I started working in a city far away from my hometown- in a different country. The job I chose was housekeeping. I still don’t know why I preferred it, but I’m sure that I wouldn’t make this mistake again.
The first week was a huge disaster for me. I am so used to the food back home, that the first two days I couldn’t even taste an American meal. I ate only pretzels, and to be honest I don’t know how I survived given the fact, that I have a low blood pressure. But, within a few days, this was no longer a problem for me. However, I had another one before me-housekeeping.
The first day, I spend in the laundry of the hotel. Thoughts like “this is not so bad”, “I can actually like this job” were running through my head. I went home with something like a little excitement. Unfortunately, this was the last time I was going to be excited in a really long time. The next day was like torture. I was cleaning with my supervisor. She showed me everything I needed to know about cleaning. Of course, this was a lot of information, but wasn’t the worst thing that day. We went through may be 20 rooms or more. I remember my feet were hurting so much, that I just wanted to sit on the floor and cry. This night I said to myself, that every beginning is hard and I’ll get used to the work fast. Little that I knew…this didn’t happen. The rest of the week was so long and terrifying for me, that at one point I asked a friend from the staff to switch with me, so I can stay in the laundry for a couple of days. The truth was, that we were a few people and there were too many rooms for cleaning.

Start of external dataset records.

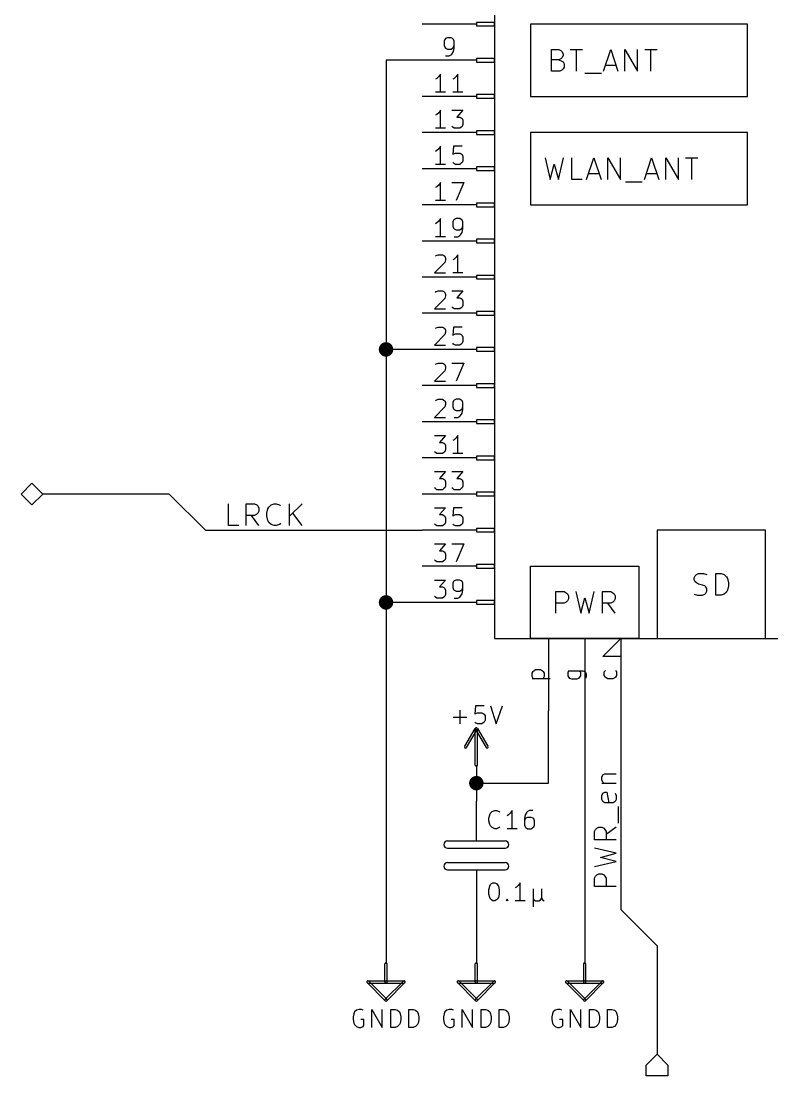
# Model space of a CAD drawing. Extents: x 10 to 287, y -200 to -10.
# Drawn here: x 73.4 to 126.2, y -153.9 to -79.8 of the extents above; entities that cross this region are included whole.
import ezdxf

# ---------------------------------------------------------------- set-up
doc = ezdxf.new("R2010")
doc.units = 0
doc.header["$MEASUREMENT"] = 0
doc.layers.add('BLACK', color=7, linetype='CONTINUOUS')
doc.layers.add('WHITE', color=7, linetype='CONTINUOUS')

msp = doc.modelspace()

# ---------------------------------------------------------------- linework, layer by layer
at = {"layer": 'Black'}
for p, q in [((106.68, -69.85), (106.68, -123.19)), ((105.41, -80.01), (101.6, -80.01)), ((105.41, -79.883), (105.41, -80.137)), ((106.68, -79.883), (105.41, -79.883)), ((106.68, -80.137), (106.68, -79.883)), ((109.22, -80.01), (109.22, -85.09)), ((124.46, -80.01), (109.22, -80.01)), ((124.46, -85.09), (124.46, -80.01)), ((105.41, -80.137), (106.68, -80.137)), ((103.2, -81.0768), (103.149, -81.2038)), ((103.149, -81.2038), (103.149, -81.5086)), ((103.149, -81.5086), (103.2, -81.6356)), ((103.251, -81.026), (103.2, -81.0768)), ((103.378, -80.9752), (103.251, -81.026)), ((103.632, -80.9752), (103.378, -80.9752)), ((103.734, -81.026), (103.632, -80.9752)), ((103.81, -81.0768), (103.734, -81.026)), ((103.861, -81.2038), (103.81, -81.0768)), ((103.81, -81.6356), (103.861, -81.5086)), ((103.861, -81.6864), (103.861, -81.2038)), ((103.2, -81.6356), (103.251, -81.6864)), ((103.251, -81.6864), (103.378, -81.7626)), ((103.251, -82.2452), (103.505, -82.2452)), ((103.378, -81.7626), (103.632, -81.7626)), ((103.505, -82.2452), (103.632, -82.169)), ((103.632, -81.7626), (103.734, -81.6864)), ((103.632, -82.169), (103.683, -82.1182)), ((103.683, -82.1182), (103.81, -81.9404)), ((103.734, -81.6864), (103.81, -81.6356)), ((103.81, -81.9404), (103.861, -81.6864)), ((110.693, -83.312), (110.693, -81.788)), ((110.693, -81.788), (111.201, -81.788)), ((111.201, -81.788), (111.354, -81.8642)), ((111.354, -81.8642), (111.43, -81.9404)), ((111.43, -81.9404), (111.506, -82.0928)), ((111.506, -82.2198), (111.43, -82.3722)), ((111.506, -82.0928), (111.506, -82.2198)), ((112.014, -81.788), (112.878, -81.788)), ((112.446, -83.312), (112.446, -81.788)), ((114.351, -83.312), (114.859, -81.788)), ((114.859, -81.788), (115.367, -83.312)), ((115.849, -83.312), (115.849, -81.788)), ((115.849, -81.788), (116.738, -83.312)), ((116.738, -83.312), (116.738, -81.788)), ((117.246, -81.788), (118.11, -81.788)), ((117.678, -83.312), (117.678, -81.788)), ((101.6, -82.55), (99.06, -82.55)), ((99.06, -82.55), (99.06, -146.05)), ((105.41, -82.55), (101.6, -82.55)), ((105.41, -82.423), (105.41, -82.677)), ((106.68, -82.423), (105.41, -82.423)), ((105.41, -82.677), (106.68, -82.677)), ((106.68, -82.677), (106.68, -82.423)), ((111.201, -82.5246), (110.693, -82.5246)), ((111.354, -82.4484), (111.201, -82.5246)), ((111.201, -82.5246), (111.43, -82.6008)), ((111.43, -82.3722), (111.354, -82.4484)), ((111.43, -82.6008), (111.506, -82.6516)), ((111.506, -82.6516), (111.582, -82.804)), ((111.582, -82.804), (111.582, -83.0326)), ((114.478, -82.8802), (115.214, -82.8802)), ((102.768, -83.693), (102.641, -83.82)), ((102.895, -83.5152), (102.768, -83.693)), ((102.895, -84.7852), (102.895, -83.5152)), ((103.988, -83.693), (103.861, -83.82)), ((104.115, -83.5152), (103.988, -83.693)), ((104.115, -84.7852), (104.115, -83.5152)), ((111.277, -83.312), (110.693, -83.312)), ((111.43, -83.2358), (111.277, -83.312)), ((111.506, -83.1596), (111.43, -83.2358)), ((111.582, -83.0326), (111.506, -83.1596)), ((113.03, -83.4644), (114.198, -83.4644)), ((102.641, -83.82), (102.54, -83.8708)), ((103.861, -83.82), (103.759, -83.8708)), ((105.41, -85.09), (101.6, -85.09)), ((103.251, -84.7852), (102.54, -84.7852)), ((104.47, -84.7852), (103.759, -84.7852)), ((105.41, -84.963), (105.41, -85.217)), ((106.68, -84.963), (105.41, -84.963)), ((105.41, -85.217), (106.68, -85.217)), ((106.68, -85.217), (106.68, -84.963)), ((109.22, -85.09), (124.46, -85.09)), ((102.641, -86.36), (102.54, -86.4108)), ((102.768, -86.233), (102.641, -86.36)), ((102.895, -86.0552), (102.768, -86.233)), ((102.895, -87.3252), (102.895, -86.0552)), ((103.683, -86.0552), (104.47, -86.0552)), ((104.47, -86.0552), (104.038, -86.5378)), ((104.038, -86.5378), (104.242, -86.5378)), ((104.242, -86.5378), (104.343, -86.5886)), ((104.343, -86.5886), (104.419, -86.6394)), ((104.419, -86.6394), (104.47, -86.7664)), ((103.251, -87.3252), (102.54, -87.3252)), ((103.759, -87.249), (103.683, -87.1982)), ((103.861, -87.3252), (103.759, -87.249)), ((104.242, -87.3252), (103.861, -87.3252)), ((104.343, -87.249), (104.242, -87.3252)), ((104.419, -87.1982), (104.343, -87.249)), ((104.47, -87.0712), (104.419, -87.1982)), ((104.47, -86.7664), (104.47, -87.0712)), ((105.41, -87.63), (101.6, -87.63)), ((105.41, -87.503), (105.41, -87.757)), ((106.68, -87.503), (105.41, -87.503)), ((105.41, -87.757), (106.68, -87.757)), ((106.68, -87.757), (106.68, -87.503)), ((124.46, -87.63), (109.22, -87.63)), ((109.22, -87.63), (109.22, -92.71)), ((124.46, -92.71), (124.46, -87.63)), ((102.641, -88.9), (102.54, -88.9508)), ((102.768, -88.773), (102.641, -88.9)), ((102.895, -88.5952), (102.768, -88.773)), ((102.895, -89.8652), (102.895, -88.5952)), ((103.81, -88.5952), (103.759, -89.1794)), ((104.419, -88.5952), (103.81, -88.5952)), ((103.759, -89.1794), (103.81, -89.1286)), ((103.81, -89.1286), (103.937, -89.0778)), ((103.937, -89.0778), (104.242, -89.0778)), ((104.242, -89.0778), (104.343, -89.1286)), ((104.343, -89.1286), (104.419, -89.1794)), ((104.419, -89.1794), (104.47, -89.3064)), ((104.47, -89.6112), (104.419, -89.7382)), ((104.47, -89.3064), (104.47, -89.6112)), ((110.236, -89.408), (110.592, -90.932)), ((111.176, -90.932), (111.531, -89.408)), ((112.116, -90.932), (112.116, -89.408)), ((113.157, -90.932), (113.665, -89.408)), ((113.665, -89.408), (114.173, -90.932)), ((114.656, -90.932), (114.656, -89.408)), ((114.656, -89.408), (115.545, -90.932)), ((115.545, -90.932), (115.545, -89.408)), ((117.221, -90.932), (117.729, -89.408)), ((117.729, -89.408), (118.237, -90.932)), ((118.72, -90.932), (118.72, -89.408)), ((118.72, -89.408), (119.609, -90.932)), ((119.609, -90.932), (119.609, -89.408)), ((120.117, -89.408), (120.98, -89.408)), ((120.548, -90.932), (120.548, -89.408)), ((105.41, -90.17), (101.6, -90.17)), ((103.251, -89.8652), (102.54, -89.8652)), ((103.81, -89.789), (103.759, -89.7382)), ((103.937, -89.8652), (103.81, -89.789)), ((104.242, -89.8652), (103.937, -89.8652)), ((104.343, -89.789), (104.242, -89.8652)), ((104.419, -89.7382), (104.343, -89.789)), ((105.41, -90.043), (105.41, -90.297)), ((106.68, -90.043), (105.41, -90.043)), ((105.41, -90.297), (106.68, -90.297)), ((106.68, -90.297), (106.68, -90.043)), ((110.592, -90.932), (110.871, -89.8398)), ((110.871, -89.8398), (111.176, -90.932)), ((102.895, -91.1352), (102.768, -91.313)), ((102.895, -92.4052), (102.895, -91.1352)), ((103.683, -91.1352), (104.521, -91.1352)), ((104.521, -91.1352), (103.988, -92.4052)), ((112.852, -90.932), (112.116, -90.932)), ((113.284, -90.5002), (114.021, -90.5002)), ((115.9, -91.0844), (117.069, -91.0844)), ((117.348, -90.5002), (118.085, -90.5002)), ((102.641, -91.44), (102.54, -91.4908)), ((102.768, -91.313), (102.641, -91.44)), ((103.251, -92.4052), (102.54, -92.4052)), ((105.41, -92.583), (105.41, -92.837)), ((106.68, -92.583), (105.41, -92.583)), ((106.68, -92.837), (106.68, -92.583)), ((105.41, -92.71), (101.6, -92.71)), ((105.41, -92.837), (106.68, -92.837)), ((109.22, -92.71), (124.46, -92.71)), ((102.641, -93.98), (102.54, -94.0308)), ((102.768, -93.853), (102.641, -93.98)), ((102.895, -93.6752), (102.768, -93.853)), ((102.895, -94.9452), (102.895, -93.6752)), ((103.81, -93.7768), (103.759, -93.9038)), ((103.759, -93.9038), (103.759, -94.2086)), ((103.861, -93.726), (103.81, -93.7768)), ((103.988, -93.6752), (103.861, -93.726)), ((104.242, -93.6752), (103.988, -93.6752)), ((104.343, -93.726), (104.242, -93.6752)), ((104.419, -93.7768), (104.343, -93.726)), ((104.47, -93.9038), (104.419, -93.7768)), ((104.47, -94.3864), (104.47, -93.9038)), ((103.759, -94.2086), (103.81, -94.3356)), ((103.81, -94.3356), (103.861, -94.3864)), ((103.861, -94.3864), (103.988, -94.4626)), ((103.988, -94.4626), (104.242, -94.4626)), ((104.115, -94.9452), (104.242, -94.869)), ((104.242, -94.4626), (104.343, -94.3864)), ((104.242, -94.869), (104.292, -94.8182)), ((104.292, -94.8182), (104.419, -94.6404)), ((104.343, -94.3864), (104.419, -94.3356)), ((104.419, -94.3356), (104.47, -94.2086)), ((104.419, -94.6404), (104.47, -94.3864)), ((105.41, -95.25), (101.6, -95.25)), ((103.251, -94.9452), (102.54, -94.9452)), ((103.861, -94.9452), (104.115, -94.9452)), ((105.41, -95.123), (105.41, -95.377)), ((106.68, -95.123), (105.41, -95.123)), ((105.41, -95.377), (106.68, -95.377)), ((106.68, -95.377), (106.68, -95.123)), ((102.54, -96.3168), (102.591, -96.266)), ((102.591, -96.266), (102.718, -96.2152)), ((102.718, -96.2152), (103.022, -96.2152)), ((103.022, -96.2152), (103.124, -96.266)), ((103.124, -96.266), (103.2, -96.3168)), ((103.2, -96.3168), (103.251, -96.4438)), ((104.115, -96.2152), (103.988, -96.393)), ((104.115, -97.4852), (104.115, -96.2152)), ((103.2, -96.7486), (102.464, -97.4852)), ((103.251, -96.5708), (103.2, -96.7486)), ((103.251, -96.4438), (103.251, -96.5708)), ((103.861, -96.52), (103.759, -96.5708)), ((103.988, -96.393), (103.861, -96.52)), ((105.41, -97.79), (101.6, -97.79)), ((102.464, -97.4852), (103.251, -97.4852)), ((104.47, -97.4852), (103.759, -97.4852)), ((105.41, -97.663), (105.41, -97.917)), ((106.68, -97.663), (105.41, -97.663)), ((106.68, -97.917), (106.68, -97.663)), ((105.41, -97.917), (106.68, -97.917)), ((103.2, -99.2886), (102.464, -100.025)), ((102.54, -98.8568), (102.591, -98.806)), ((102.591, -98.806), (102.718, -98.7552)), ((102.718, -98.7552), (103.022, -98.7552)), ((103.022, -98.7552), (103.124, -98.806)), ((103.124, -98.806), (103.2, -98.8568)), ((103.2, -98.8568), (103.251, -98.9838)), ((103.251, -99.1108), (103.2, -99.2886)), ((103.251, -98.9838), (103.251, -99.1108)), ((103.683, -98.7552), (104.47, -98.7552)), ((104.47, -98.7552), (104.038, -99.2378)), ((104.038, -99.2378), (104.242, -99.2378)), ((104.242, -99.2378), (104.343, -99.2886)), ((104.343, -99.2886), (104.419, -99.3394)), ((102.464, -100.025), (103.251, -100.025)), ((103.759, -99.949), (103.683, -99.8982)), ((103.861, -100.025), (103.759, -99.949)), ((104.242, -100.025), (103.861, -100.025)), ((104.343, -99.949), (104.242, -100.025)), ((104.419, -99.8982), (104.343, -99.949)), ((104.419, -99.3394), (104.47, -99.4664)), ((104.47, -99.7712), (104.419, -99.8982)), ((104.47, -99.4664), (104.47, -99.7712)), ((105.41, -100.33), (101.6, -100.33)), ((105.41, -100.203), (105.41, -100.457)), ((106.68, -100.203), (105.41, -100.203)), ((105.41, -100.457), (106.68, -100.457)), ((106.68, -100.457), (106.68, -100.203)), ((102.54, -101.397), (102.591, -101.346)), ((102.591, -101.346), (102.718, -101.295)), ((102.718, -101.295), (103.022, -101.295)), ((103.022, -101.295), (103.124, -101.346)), ((103.124, -101.346), (103.2, -101.397)), ((103.2, -101.397), (103.251, -101.524)), ((103.251, -101.524), (103.251, -101.651)), ((103.81, -101.295), (103.759, -101.879)), ((104.419, -101.295), (103.81, -101.295)), ((103.2, -101.829), (102.464, -102.565)), ((103.251, -101.651), (103.2, -101.829)), ((103.759, -101.879), (103.81, -101.829)), ((103.81, -101.829), (103.937, -101.778)), ((103.937, -101.778), (104.242, -101.778)), ((104.242, -101.778), (104.343, -101.829)), ((104.343, -101.829), (104.419, -101.879)), ((104.419, -101.879), (104.47, -102.006)), ((104.47, -102.006), (104.47, -102.311)), ((101.6, -102.87), (99.06, -102.87)), ((105.41, -102.87), (101.6, -102.87)), ((102.464, -102.565), (103.251, -102.565)), ((103.81, -102.489), (103.759, -102.438)), ((103.937, -102.565), (103.81, -102.489)), ((104.242, -102.565), (103.937, -102.565)), ((104.343, -102.489), (104.242, -102.565)), ((104.419, -102.438), (104.343, -102.489)), ((104.47, -102.311), (104.419, -102.438)), ((105.41, -102.743), (105.41, -102.997)), ((106.68, -102.743), (105.41, -102.743)), ((105.41, -102.997), (106.68, -102.997)), ((106.68, -102.997), (106.68, -102.743)), ((103.2, -104.369), (102.464, -105.105)), ((102.54, -103.937), (102.591, -103.886)), ((102.591, -103.886), (102.718, -103.835)), ((102.718, -103.835), (103.022, -103.835)), ((103.022, -103.835), (103.124, -103.886)), ((103.124, -103.886), (103.2, -103.937)), ((103.2, -103.937), (103.251, -104.064)), ((103.251, -104.191), (103.2, -104.369)), ((103.251, -104.064), (103.251, -104.191)), ((103.683, -103.835), (104.521, -103.835)), ((104.521, -103.835), (103.988, -105.105)), ((102.464, -105.105), (103.251, -105.105)), ((105.41, -105.41), (101.6, -105.41)), ((105.41, -105.283), (105.41, -105.537)), ((106.68, -105.283), (105.41, -105.283)), ((105.41, -105.537), (106.68, -105.537)), ((106.68, -105.537), (106.68, -105.283)), ((102.54, -106.477), (102.591, -106.426)), ((102.591, -106.426), (102.718, -106.375)), ((102.718, -106.375), (103.022, -106.375)), ((103.022, -106.375), (103.124, -106.426)), ((103.124, -106.426), (103.2, -106.477)), ((103.2, -106.477), (103.251, -106.604)), ((103.251, -106.731), (103.2, -106.909)), ((103.251, -106.604), (103.251, -106.731)), ((103.81, -106.477), (103.759, -106.604)), ((103.759, -106.604), (103.759, -106.909)), ((103.861, -106.426), (103.81, -106.477)), ((103.988, -106.375), (103.861, -106.426)), ((104.242, -106.375), (103.988, -106.375)), ((104.343, -106.426), (104.242, -106.375)), ((104.419, -106.477), (104.343, -106.426)), ((104.47, -106.604), (104.419, -106.477)), ((104.47, -107.086), (104.47, -106.604)), ((103.2, -106.909), (102.464, -107.645)), ((103.759, -106.909), (103.81, -107.036)), ((103.81, -107.036), (103.861, -107.086)), ((103.861, -107.086), (103.988, -107.163)), ((103.988, -107.163), (104.242, -107.163)), ((104.242, -107.163), (104.343, -107.086)), ((104.292, -107.518), (104.419, -107.34)), ((104.343, -107.086), (104.419, -107.036)), ((104.419, -107.036), (104.47, -106.909)), ((104.419, -107.34), (104.47, -107.086)), ((105.41, -107.95), (101.6, -107.95)), ((102.464, -107.645), (103.251, -107.645)), ((103.861, -107.645), (104.115, -107.645)), ((104.115, -107.645), (104.242, -107.569)), ((104.242, -107.569), (104.292, -107.518)), ((105.41, -107.823), (105.41, -108.077)), ((106.68, -107.823), (105.41, -107.823)), ((105.41, -108.077), (106.68, -108.077)), ((106.68, -108.077), (106.68, -107.823)), ((102.464, -108.915), (103.251, -108.915)), ((103.251, -108.915), (102.819, -109.398)), ((104.115, -108.915), (103.988, -109.093)), ((104.115, -110.185), (104.115, -108.915)), ((102.819, -109.398), (103.022, -109.398)), ((103.022, -109.398), (103.124, -109.449)), ((103.124, -109.449), (103.2, -109.499)), ((103.2, -109.499), (103.251, -109.626)), ((103.251, -109.626), (103.251, -109.931)), ((103.861, -109.22), (103.759, -109.271)), ((103.988, -109.093), (103.861, -109.22)), ((102.54, -110.109), (102.464, -110.058)), ((102.641, -110.185), (102.54, -110.109)), ((103.022, -110.185), (102.641, -110.185)), ((103.124, -110.109), (103.022, -110.185)), ((103.2, -110.058), (103.124, -110.109)), ((103.251, -109.931), (103.2, -110.058)), ((104.47, -110.185), (103.759, -110.185)), ((105.41, -110.363), (105.41, -110.617)), ((106.68, -110.363), (105.41, -110.363)), ((106.68, -110.617), (106.68, -110.363)), ((105.41, -110.49), (101.6, -110.49)), ((105.41, -110.617), (106.68, -110.617)), ((102.464, -111.455), (103.251, -111.455)), ((103.251, -111.455), (102.819, -111.938)), ((103.683, -111.455), (104.47, -111.455)), ((104.47, -111.455), (104.038, -111.938)), ((74.168, -112.268), (73.406, -113.03)), ((74.93, -113.03), (74.168, -112.268)), ((102.54, -112.649), (102.464, -112.598)), ((102.641, -112.725), (102.54, -112.649)), ((102.819, -111.938), (103.022, -111.938)), ((103.022, -111.938), (103.124, -111.989)), ((103.124, -112.649), (103.022, -112.725)), ((103.124, -111.989), (103.2, -112.039)), ((103.2, -112.598), (103.124, -112.649)), ((103.2, -112.039), (103.251, -112.166)), ((103.251, -112.471), (103.2, -112.598)), ((103.251, -112.166), (103.251, -112.471)), ((103.759, -112.649), (103.683, -112.598)), ((103.861, -112.725), (103.759, -112.649)), ((104.038, -111.938), (104.242, -111.938)), ((104.242, -111.938), (104.343, -111.989)), ((104.343, -112.649), (104.242, -112.725)), ((104.343, -111.989), (104.419, -112.039)), ((104.419, -112.598), (104.343, -112.649)), ((104.419, -112.039), (104.47, -112.166)), ((104.47, -112.471), (104.419, -112.598)), ((104.47, -112.166), (104.47, -112.471)), ((73.406, -113.03), (74.168, -113.792)), ((74.168, -113.792), (74.93, -113.03)), ((83.82, -113.03), (74.93, -113.03)), ((83.82, -113.03), (86.36, -115.57)), ((105.41, -113.03), (101.6, -113.03)), ((103.022, -112.725), (102.641, -112.725)), ((104.242, -112.725), (103.861, -112.725)), ((105.41, -112.903), (105.41, -113.157)), ((106.68, -112.903), (105.41, -112.903)), ((105.41, -113.157), (106.68, -113.157)), ((106.68, -113.157), (106.68, -112.903)), ((102.464, -113.995), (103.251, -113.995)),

Eventually they hired more people and just when I decided, that everything is going to be just fine, they started to push us to work for time. And sometimes it was not possible. I remember entering rooms so dirty and messed up, that I just stayed there speechless, or crying. There were: food on the beds, coffee all over the bathroom floor, garbage everywhere (except in the trash cans, why should they use them right?), wet towels on the TV, chocolate on the phone (or the handles of the doors), juice spilled on the carpet, undefined liquids on the pillows, one particular toilet that I and one of the maintenance guys unclogged and then I cleaned the mess, and it was so bad that another housekeeper actually said to me ”I respect you man” … I can go on and on but I think you got the idea.
One day I have just finished a room and the guest got in. A few minutes later, they asked me back to change their bed sheets, because they were wrinkled. I said that they are perfectly clean and when they sit on them, the sheets will wrinkle anyway. But, the lady was so bad to me, saying that these sheets have to be changed. Of course, I was just a housekeeper and this was my job, so I had to follow her orders. I changed them and then there were wrinkles again. And she was like „there are still wrinkles there” and I said „well we don’t iron our sheets, so they can’t be perfectly flat”. Didn’t she know that in the site of the hotel the pictures of the beds were Photoshop-ed? I suppose she didn’t.
Of course, nice tips made me happy. But, there were rooms, where it was like after a war, but there was not a single penny left by. Sometimes, there were notes, saying- Thank you… Nice job.. with no tip. Well, I did not feel good. When you clean rooms for a living, you want the tip. But, sometimes, there were both notes and money. Some people left food or drinks behind. If they were not unpacked, we would take them, because it is a free food anyway. But, if they were unpacked…well, we have dignity and morals…we would never take something like this.
Days were going by really fast. Some days weren’t so busy and we could just relax. Others were too busy (like Labor Day, when me and my friends thought that this is actually the day we are going to die). I met people, who had absolutely no idea about geography, and asked me strange questions about my home country “Is this a state in the USA?” “Do you have tomatoes there” ”Do you use Internet there?”… Fortunately, I met a senior man, who was so smart and witty. He knew not only where Bulgaria was, but he knew all of our borders, our capital and even a little of our history. I also had the opportunity, to meet a guy, who knew some Bulgarian (a Ukrainian professor taught him!), and he was so clever and kind, although I met him, when me and my friends were on his front porch, not giving a single f**k it is a private property. At least, he was a decent guy, and did not call the cops.
I remember the day when everything changed for me. It was early in the morning, and I was cleaning a room in which people obviously had a party, the previous night. And I was amazed to find, that someone had thrown up in the sink. And the sink itself was filled. I was just staying there looking at it, wondering what the hell am I doing, and who am I doing it for. And then I remembered. I found this job, because I wanted to travel to several cities in the US, and it was cheaper to do that, if I work first and then travel. So I was doing this for me. I had a dream –to travel, and this was the way to fulfill it. I smiled, because I was already half way there. I decided that, if I was going to work a job I don’t like, at least I can be as good in it as I can, so I can be happy. After that, there was no more sadness, just laughter. Of course, misery does love company, so during lunch time, I and my friends would complain about how dirty the rooms or how rude people were, but at least we were laughing.